> _Your goal_
Look through the entries and count each line that includes the string "extrude". Reply with the number alone.

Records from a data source
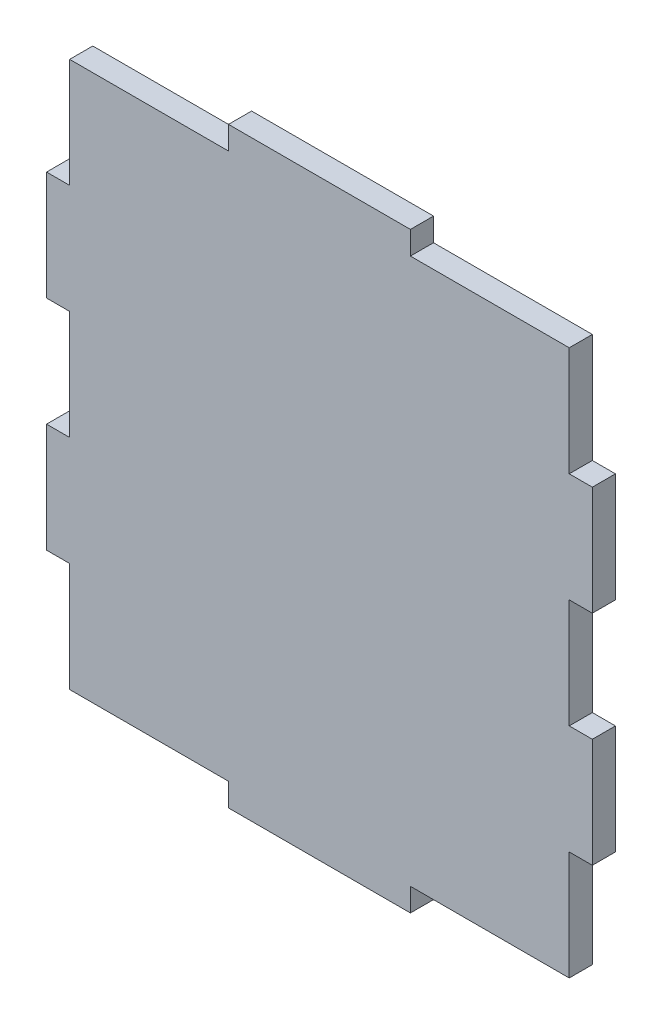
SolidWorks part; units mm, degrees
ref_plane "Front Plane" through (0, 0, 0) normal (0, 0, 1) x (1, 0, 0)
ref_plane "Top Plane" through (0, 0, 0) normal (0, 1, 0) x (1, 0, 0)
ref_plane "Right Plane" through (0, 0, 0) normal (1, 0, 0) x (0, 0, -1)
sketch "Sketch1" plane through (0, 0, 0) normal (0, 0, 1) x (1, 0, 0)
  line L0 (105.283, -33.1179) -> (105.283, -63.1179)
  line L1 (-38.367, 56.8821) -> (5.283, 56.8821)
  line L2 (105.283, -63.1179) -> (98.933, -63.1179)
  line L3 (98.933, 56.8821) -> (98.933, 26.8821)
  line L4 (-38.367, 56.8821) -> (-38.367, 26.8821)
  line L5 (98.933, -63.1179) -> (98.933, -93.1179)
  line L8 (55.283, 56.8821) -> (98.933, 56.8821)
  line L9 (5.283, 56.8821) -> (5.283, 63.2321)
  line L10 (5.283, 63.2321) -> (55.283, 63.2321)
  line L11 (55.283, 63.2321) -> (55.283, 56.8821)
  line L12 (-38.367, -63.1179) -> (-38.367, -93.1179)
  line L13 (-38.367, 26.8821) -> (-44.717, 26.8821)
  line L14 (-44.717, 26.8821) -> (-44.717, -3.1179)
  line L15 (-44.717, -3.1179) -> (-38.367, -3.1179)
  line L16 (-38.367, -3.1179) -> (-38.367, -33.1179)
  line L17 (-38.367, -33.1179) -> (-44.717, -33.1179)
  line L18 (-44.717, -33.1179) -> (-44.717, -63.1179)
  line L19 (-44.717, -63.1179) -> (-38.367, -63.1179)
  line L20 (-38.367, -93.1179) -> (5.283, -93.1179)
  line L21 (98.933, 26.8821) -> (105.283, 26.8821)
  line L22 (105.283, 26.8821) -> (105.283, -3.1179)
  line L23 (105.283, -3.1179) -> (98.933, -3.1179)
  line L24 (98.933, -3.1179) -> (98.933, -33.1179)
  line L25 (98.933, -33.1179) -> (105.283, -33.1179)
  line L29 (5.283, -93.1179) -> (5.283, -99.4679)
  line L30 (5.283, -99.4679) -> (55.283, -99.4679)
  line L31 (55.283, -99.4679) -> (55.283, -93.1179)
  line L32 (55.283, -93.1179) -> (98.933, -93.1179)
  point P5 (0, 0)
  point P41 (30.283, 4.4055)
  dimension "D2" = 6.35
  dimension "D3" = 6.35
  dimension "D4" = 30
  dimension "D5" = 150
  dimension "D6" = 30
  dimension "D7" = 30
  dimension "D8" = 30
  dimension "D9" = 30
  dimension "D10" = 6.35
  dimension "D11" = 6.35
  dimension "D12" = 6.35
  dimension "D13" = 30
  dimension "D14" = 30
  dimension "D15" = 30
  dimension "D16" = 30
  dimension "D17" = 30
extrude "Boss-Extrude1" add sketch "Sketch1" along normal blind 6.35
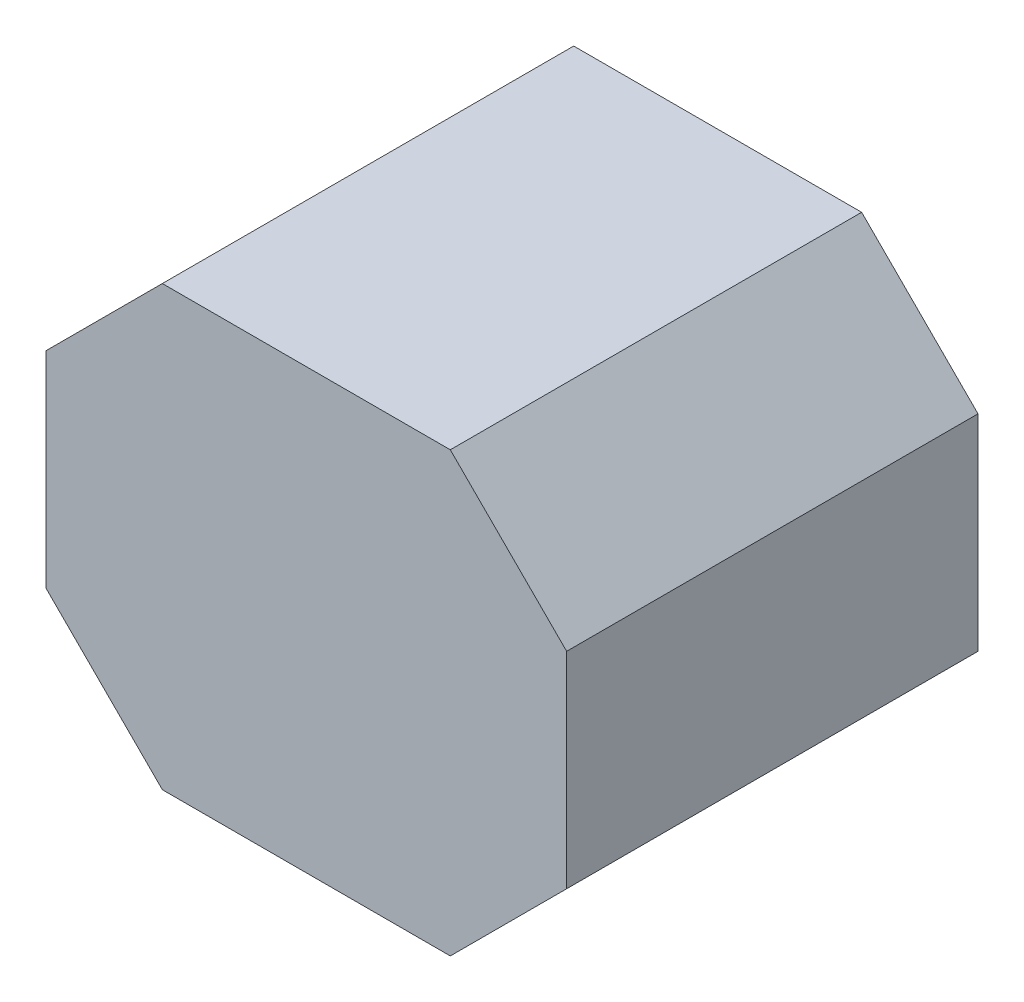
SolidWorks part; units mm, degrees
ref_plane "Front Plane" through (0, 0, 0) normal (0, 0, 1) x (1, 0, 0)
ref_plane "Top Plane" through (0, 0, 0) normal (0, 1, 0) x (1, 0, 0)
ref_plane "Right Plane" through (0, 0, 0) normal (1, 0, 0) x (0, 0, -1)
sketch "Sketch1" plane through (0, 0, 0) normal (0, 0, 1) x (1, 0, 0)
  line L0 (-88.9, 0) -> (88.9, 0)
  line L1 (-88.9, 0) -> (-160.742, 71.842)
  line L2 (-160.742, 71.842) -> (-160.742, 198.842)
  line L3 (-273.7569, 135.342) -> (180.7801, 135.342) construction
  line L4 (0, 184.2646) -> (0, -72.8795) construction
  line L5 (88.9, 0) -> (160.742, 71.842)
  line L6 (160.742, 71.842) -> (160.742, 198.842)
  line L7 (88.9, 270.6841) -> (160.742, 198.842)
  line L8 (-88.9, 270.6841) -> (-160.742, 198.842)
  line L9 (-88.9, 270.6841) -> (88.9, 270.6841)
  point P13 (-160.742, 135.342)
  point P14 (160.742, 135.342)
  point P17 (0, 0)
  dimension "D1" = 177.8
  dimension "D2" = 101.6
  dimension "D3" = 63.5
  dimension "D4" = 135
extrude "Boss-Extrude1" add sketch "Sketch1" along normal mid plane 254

> _Worked solution_
2